The production server keeps a light responsibility. It receives the query, opens the SQLite database, calculates ranking and returns results. The expensive work happens earlier, in the pipeline.

flowchart LR
    MD[Articles in Markdown] --> Build[Site build]
    Build --> HTML[HTML pages]
    Build --> Index[SQLite search database]
    HTML --> Host[Server]
    Index --> Host
    User[Reader] --> API[Search layer]
    API --> Index
    API --> JSON[Results]
    JSON --> UI[Search interface]

This design preserves the simplicity of the hosting model. The site remains mostly static. Search adds a small API, but the index is just a file published together with the site.

Why index chunks instead of entire articles

For long articles, indexing the whole article as a single unit produces imprecise results.

That path is common at first. The user searches, the system returns articles. But a long article has different granularity. A one-hour text may discuss five topics in depth. If the reader searches for "CAP theorem", returning only the article forces them to search again inside the page.

That is why the index was created with chunks.

A chunk is a piece of the article. It carries the article title, category, tags, date, current heading, excerpt text, URL and anchor. That allows a result to point to the correct section.

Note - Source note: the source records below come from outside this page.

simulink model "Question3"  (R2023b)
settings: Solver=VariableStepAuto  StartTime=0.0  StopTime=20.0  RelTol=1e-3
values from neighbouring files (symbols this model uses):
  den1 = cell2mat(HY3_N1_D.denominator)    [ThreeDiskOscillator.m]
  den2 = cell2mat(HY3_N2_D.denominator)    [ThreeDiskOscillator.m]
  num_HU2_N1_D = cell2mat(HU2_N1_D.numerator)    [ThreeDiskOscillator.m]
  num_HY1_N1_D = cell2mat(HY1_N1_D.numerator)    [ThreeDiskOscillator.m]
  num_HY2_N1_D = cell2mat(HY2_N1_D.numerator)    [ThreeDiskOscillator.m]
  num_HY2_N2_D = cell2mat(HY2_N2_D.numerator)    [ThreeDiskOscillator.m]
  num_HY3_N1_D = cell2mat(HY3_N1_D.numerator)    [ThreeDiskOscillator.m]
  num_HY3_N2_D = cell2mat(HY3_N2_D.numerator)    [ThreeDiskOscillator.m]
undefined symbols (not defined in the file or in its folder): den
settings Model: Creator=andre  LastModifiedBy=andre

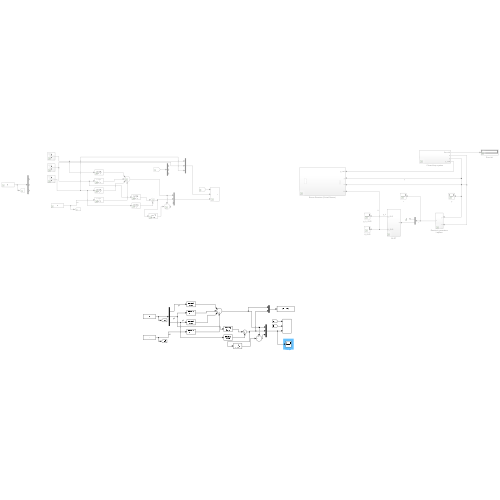
[thumbnail: Simulink's stored preview of the top-level diagram]
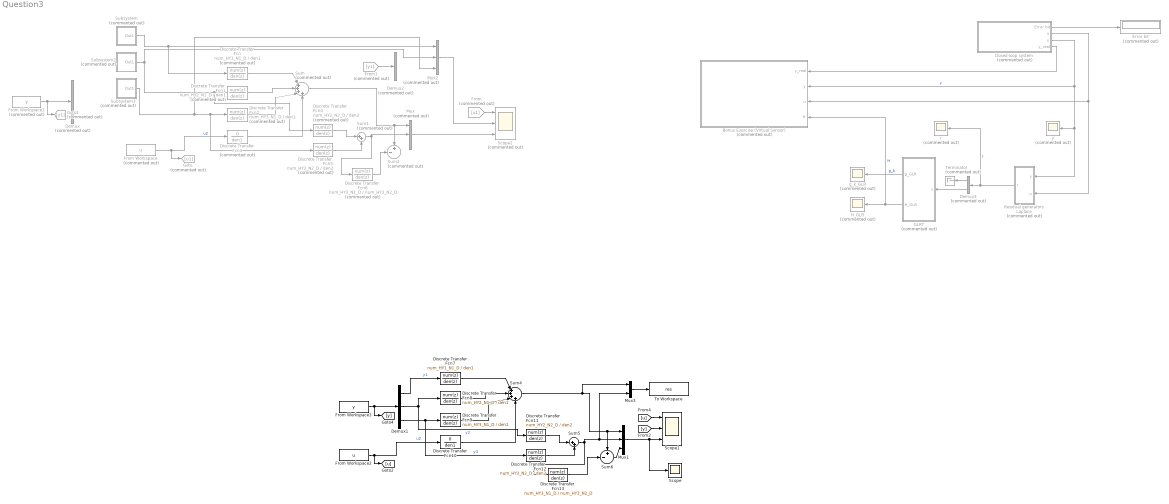
== system Question3 ==
  " H_GLR" : Scope  Commented=on
  " g_k_GLR" : Scope  Commented=on
  " r" : Scope  Commented=on
  " y" : Scope  Commented=on
  Bonus Exercise (Virtual Sensor) : Subsystem  Commented=on
  Closed-loop system : Subsystem  Commented=on
  Demux : Demux  Commented=on  Outputs=3
  Demux1 : Demux  Outputs=3
  Demux2 : Demux  Commented=on  Outputs=3
  Demux3 : Demux  Commented=on  Outputs=2
  Discrete Transfer Fcn : DiscreteTransferFcn  Commented=on  Numerator=num_HY1_N1_D  Denominator=den1
  Discrete Transfer Fcn1 : DiscreteTransferFcn  Commented=on  Numerator=num_HY2_N1_D  Denominator=den1
  Discrete Transfer Fcn10 : DiscreteTransferFcn  Numerator=0  Denominator=den1
  Discrete Transfer Fcn11 : DiscreteTransferFcn  Numerator=num_HY2_N2_D  Denominator=den2
  Discrete Transfer Fcn12 : DiscreteTransferFcn  Numerator=num_HY3_N2_D  Denominator=den2
  Discrete Transfer Fcn13 : DiscreteTransferFcn  Numerator=num_HY3_N1_D  Denominator=num_HY3_N2_D
  Discrete Transfer Fcn2 : DiscreteTransferFcn  Commented=on  Numerator=num_HY3_N1_D  Denominator=den1
  Discrete Transfer Fcn3 : DiscreteTransferFcn  Commented=on  Numerator=0  Denominator=den1
  Discrete Transfer Fcn4 : DiscreteTransferFcn  Commented=on  Numerator=num_HY2_N2_D  Denominator=den2
  Discrete Transfer Fcn5 : DiscreteTransferFcn  Commented=on  Numerator=num_HY3_N2_D  Denominator=den2
  Discrete Transfer Fcn6 : DiscreteTransferFcn  Commented=on  Numerator=num_HY3_N1_D  Denominator=num_HY3_N2_D
  Discrete Transfer Fcn7 : DiscreteTransferFcn  Numerator=num_HY1_N1_D  Denominator=den1
  Discrete Transfer Fcn8 : DiscreteTransferFcn  Numerator=num_HY2_N1_D  Denominator=den1
  Discrete Transfer Fcn9 : DiscreteTransferFcn  Numerator=num_HY3_N1_D  Denominator=den1
  "Error bit " : Display  Commented=on
  From : From  Commented=on  GotoTag=u1
  From Workspace : FromWorkspace  Commented=on  VariableName=u
  From Workspace1 : FromWorkspace  Commented=on  VariableName=y  SampleTime=0.004
  From Workspace2 : FromWorkspace  VariableName=u
  From Workspace3 : FromWorkspace  VariableName=y  SampleTime=0.004
  From1 : From  Commented=on  GotoTag=y1
  GLRT : Subsystem  Commented=on
  Goto : Goto  Commented=on  GotoTag=u1
  Goto1 : Goto  Commented=on  GotoTag=y1
  Mux : Mux  Commented=on  Inputs=3
  Mux1 : Mux  Inputs=3
  Mux2 : Mux  Commented=on  Inputs=3
  Mux3 : Mux  Inputs=2
  Residual generators Laplace : Subsystem  Commented=on
  Scope : Scope
  Scope1 : Scope  NumInputPorts=3
  Scope2 : Scope  Commented=on  NumInputPorts=3
  Subsystem : Subsystem  Commented=on
  Subsystem2 : Subsystem  Commented=on
  Subsystem3 : Subsystem  Commented=on
  Sum : Sum  Commented=on  Inputs=|++++
  Sum1 : Sum  Commented=on  Inputs=|++
  Sum2 : Sum  Commented=on  Inputs=+-|
  Sum4 : Sum  Inputs=|++++
  Sum5 : Sum  Inputs=|++
  Sum6 : Sum  Inputs=+-|
  Terminator : Terminator  Commented=on
  To Workspace : ToWorkspace  VariableName=res  SaveFormat=Structure With Time  SampleTime=-1
  wires:
  Mux/1 -> Scope2/3
  Sum1/1 -> Mux/2, Discrete Transfer Fcn6/1
  Discrete Transfer Fcn4/1 -> Sum1/1
  From Workspace/1 -> Goto/1, Discrete Transfer Fcn3/1  "u2"
  Discrete Transfer Fcn5/1 -> Sum1/2
  Discrete Transfer Fcn3/1 -> Sum/4
  Discrete Transfer Fcn1/1 -> Sum/2
  Discrete Transfer Fcn2/1 -> Sum/3
  From Workspace1/1 -> Goto1/1, Demux/1
  From/1 -> Scope2/1
  Discrete Transfer Fcn6/1 -> Sum2/2
  Sum/1 -> Sum2/1, Mux/1
  Discrete Transfer Fcn/1 -> Sum/1
  Discrete Transfer Fcn8/1 -> Sum4/2
  Discrete Transfer Fcn13/1 -> Sum6/2
  Discrete Transfer Fcn10/1 -> Sum4/4
  Demux1/3 -> Discrete Transfer Fcn12/1, Discrete Transfer Fcn9/1  "y3"
  Discrete Transfer Fcn7/1 -> Sum4/1
  [y] -> Scope1/2
  From Workspace3/1 -> [y], Demux1/1
  Discrete Transfer Fcn9/1 -> Sum4/3
  Demux1/1 -> Discrete Transfer Fcn7/1  "y1"
  Demux1/2 -> Discrete Transfer Fcn8/1, Discrete Transfer Fcn11/1  "y2"
  Discrete Transfer Fcn12/1 -> Sum5/2
  Sum5/1 -> Mux3/2, Mux1/2, Discrete Transfer Fcn13/1
  Discrete Transfer Fcn11/1 -> Sum5/1
  Mux1/1 -> Scope/1, Scope1/3
  Sum6/1 -> Mux1/3
  From Workspace2/1 -> Discrete Transfer Fcn10/1, [u]  "u2"
  [u] -> Scope1/1
  From1/1 -> Demux2/1
  Mux2/1 -> Scope2/2
  Subsystem/1(Out1) -> Discrete Transfer Fcn/1, Mux2/1
  Subsystem2/1(Out1) -> Discrete Transfer Fcn4/1, Discrete Transfer Fcn1/1, Mux2/2
  Subsystem3/1(Out1) -> Mux2/3, Discrete Transfer Fcn5/1, Discrete Transfer Fcn2/1
  Mux3/1 -> To Workspace/1
  Closed-loop system/1(Error bit) -> "Error bit "/1
  Demux3/2 -> GLRT/1(z)
  GLRT/1(g_GLR) -> " g_k_GLR"/1  "g_k"
  Closed-loop system/2(u) -> Residual generators Laplace/2(u), Bonus Exercise (Virtual Sensor)/3(u)
  Residual generators Laplace/1(r) -> Demux3/1, " r"/1  "r"
  Demux3/1 -> Terminator/1
  Closed-loop system/4(y_real) -> Bonus Exercise (Virtual Sensor)/1(y_real)
  Closed-loop system/3(y) -> Residual generators Laplace/1(y), " y"/1, Bonus Exercise (Virtual Sensor)/2(y)  "y"
  GLRT/2(H_GLR) -> Bonus Exercise (Virtual Sensor)/4(H), " H_GLR"/1  "H"
  Sum4/1 -> Mux3/1, Mux1/1, Sum6/1

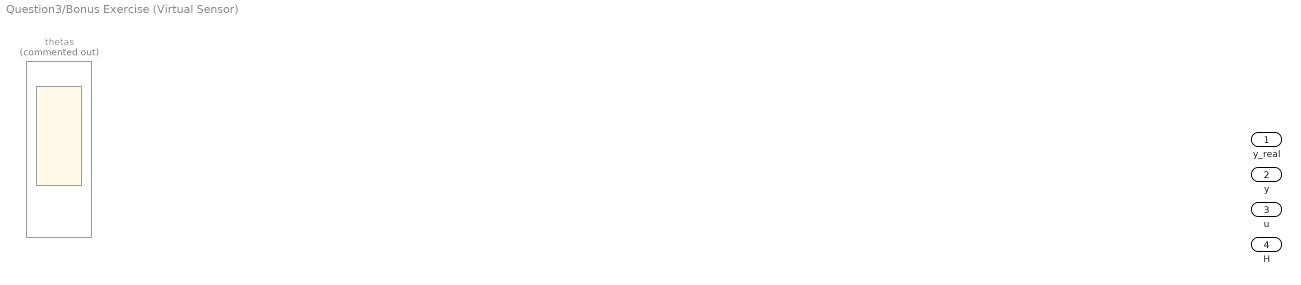
== system Question3/Bonus Exercise (Virtual Sensor) ==
  y_real : Inport
  y : Inport  Port=2
  u : Inport  Port=3
  H : Inport  Port=4
  thetas : Scope  Commented=on  NumInputPorts=3

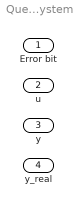
== system Question3/Closed-loop system ==
  Error bit : Outport  VectorParamsAs1DForOutWhenUnconnected=off
  u : Outport  Port=2  VectorParamsAs1DForOutWhenUnconnected=off
  y : Outport  Port=3  VectorParamsAs1DForOutWhenUnconnected=off
  y_real : Outport  Port=4  VectorParamsAs1DForOutWhenUnconnected=off

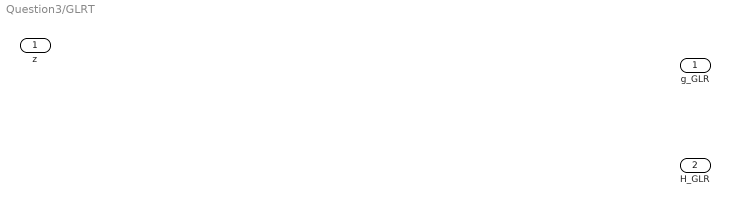
== system Question3/GLRT ==
  z : Inport
  g_GLR : Outport  VectorParamsAs1DForOutWhenUnconnected=off
  H_GLR : Outport  Port=2  VectorParamsAs1DForOutWhenUnconnected=off

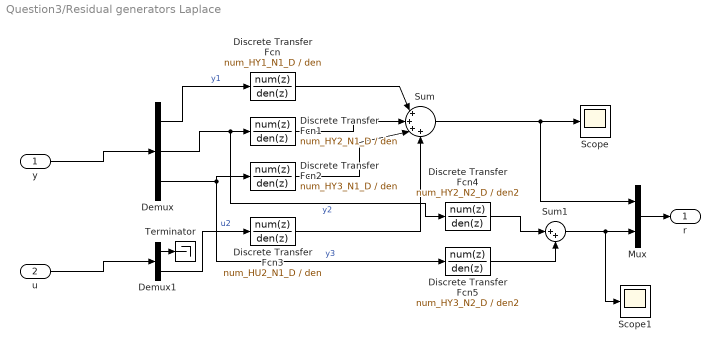
== system Question3/Residual generators Laplace ==
  y : Inport
  u : Inport  Port=2
  Demux : Demux  Outputs=3
  Demux1 : Demux  Outputs=2
  Discrete Transfer Fcn : DiscreteTransferFcn  Numerator=num_HY1_N1_D  Denominator=den
  Discrete Transfer Fcn1 : DiscreteTransferFcn  Numerator=num_HY2_N1_D  Denominator=den
  Discrete Transfer Fcn2 : DiscreteTransferFcn  Numerator=num_HY3_N1_D  Denominator=den
  Discrete Transfer Fcn3 : DiscreteTransferFcn  Numerator=num_HU2_N1_D  Denominator=den
  Discrete Transfer Fcn4 : DiscreteTransferFcn  Numerator=num_HY2_N2_D  Denominator=den2
  Discrete Transfer Fcn5 : DiscreteTransferFcn  Numerator=num_HY3_N2_D  Denominator=den2
  Mux : Mux  Inputs=2
  Scope : Scope
  Scope1 : Scope
  Sum : Sum  Inputs=|++++
  Sum1 : Sum  Inputs=|++
  Terminator : Terminator
  r : Outport  VectorParamsAs1DForOutWhenUnconnected=off
  wires:
  Discrete Transfer Fcn5/1 -> Sum1/2
  Discrete Transfer Fcn/1 -> Sum/1
  Discrete Transfer Fcn1/1 -> Sum/2
  Discrete Transfer Fcn3/1 -> Sum/4
  Demux1/2 -> Discrete Transfer Fcn3/1  "u2"
  Discrete Transfer Fcn2/1 -> Sum/3
  Demux1/1 -> Terminator/1
  Sum1/1 -> Scope1/1, Mux/2
  Mux/1 -> r/1
  Sum/1 -> Scope/1, Mux/1
  Demux/3 -> Discrete Transfer Fcn5/1, Discrete Transfer Fcn2/1  "y3"
  Discrete Transfer Fcn4/1 -> Sum1/1
  Demux/2 -> Discrete Transfer Fcn4/1, Discrete Transfer Fcn1/1  "y2"
  Demux/1 -> Discrete Transfer Fcn/1  "y1"
  y/1 -> Demux/1
  u/1 -> Demux1/1

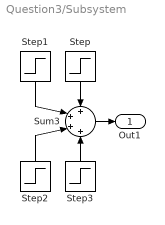
== system Question3/Subsystem ==
  Step : Step  After=1.56  SampleTime=0
  Step1 : Step  Time=5  After=-1.56  SampleTime=0
  Step2 : Step  Time=10  After=1.56  SampleTime=0
  Step3 : Step  Time=15  After=-1.56  SampleTime=0
  Sum3 : Sum  Inputs=++++
  Out1 : Outport
  wires:
  Sum3/1 -> Out1/1
  Step2/1 -> Sum3/3
  Step1/1 -> Sum3/2
  Step3/1 -> Sum3/4
  Step/1 -> Sum3/1

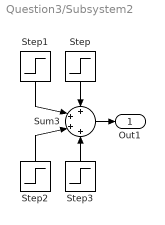
== system Question3/Subsystem2 ==
  Step : Step  After=1.56  SampleTime=0
  Step1 : Step  Time=5  After=-1.56  SampleTime=0
  Step2 : Step  Time=10  After=1.56  SampleTime=0
  Step3 : Step  Time=15  After=-1.56  SampleTime=0
  Sum3 : Sum  Inputs=++++
  Out1 : Outport
  wires:
  Sum3/1 -> Out1/1
  Step2/1 -> Sum3/3
  Step1/1 -> Sum3/2
  Step3/1 -> Sum3/4
  Step/1 -> Sum3/1

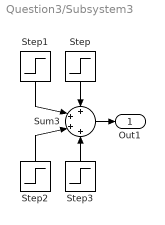
== system Question3/Subsystem3 ==
  Step : Step  After=1.56  SampleTime=0
  Step1 : Step  Time=5  After=-1.56  SampleTime=0
  Step2 : Step  Time=10  After=1.56  SampleTime=0
  Step3 : Step  Time=15  After=-1.40  SampleTime=0
  Sum3 : Sum  Inputs=++++
  Out1 : Outport
  wires:
  Sum3/1 -> Out1/1
  Step2/1 -> Sum3/3
  Step1/1 -> Sum3/2
  Step3/1 -> Sum3/4
  Step/1 -> Sum3/1

The chunk changes the experience because the result starts answering "where is this?" instead of only "which article contains something about this?".

flowchart TD
    Article[Long article] --> H2A[Section about architecture]
    Article --> H2B[Section about cache]
    Article --> H2C[Section about CAP]
    H2A --> C1[Chunk 1]
    H2A --> C2[Chunk 2]
    H2B --> C3[Chunk 3]
    H2C --> C4[Chunk 4]
    C4 --> Result[Result with a direct link to the section]

Chunk size needs care. Too small, and it loses context. Too large, and it behaves like an entire article again. I used a simple strategy: split by headings, limit by approximate word count, and add a small overlap between blocks. The overlap reduces the risk of cutting a line of reasoning in half.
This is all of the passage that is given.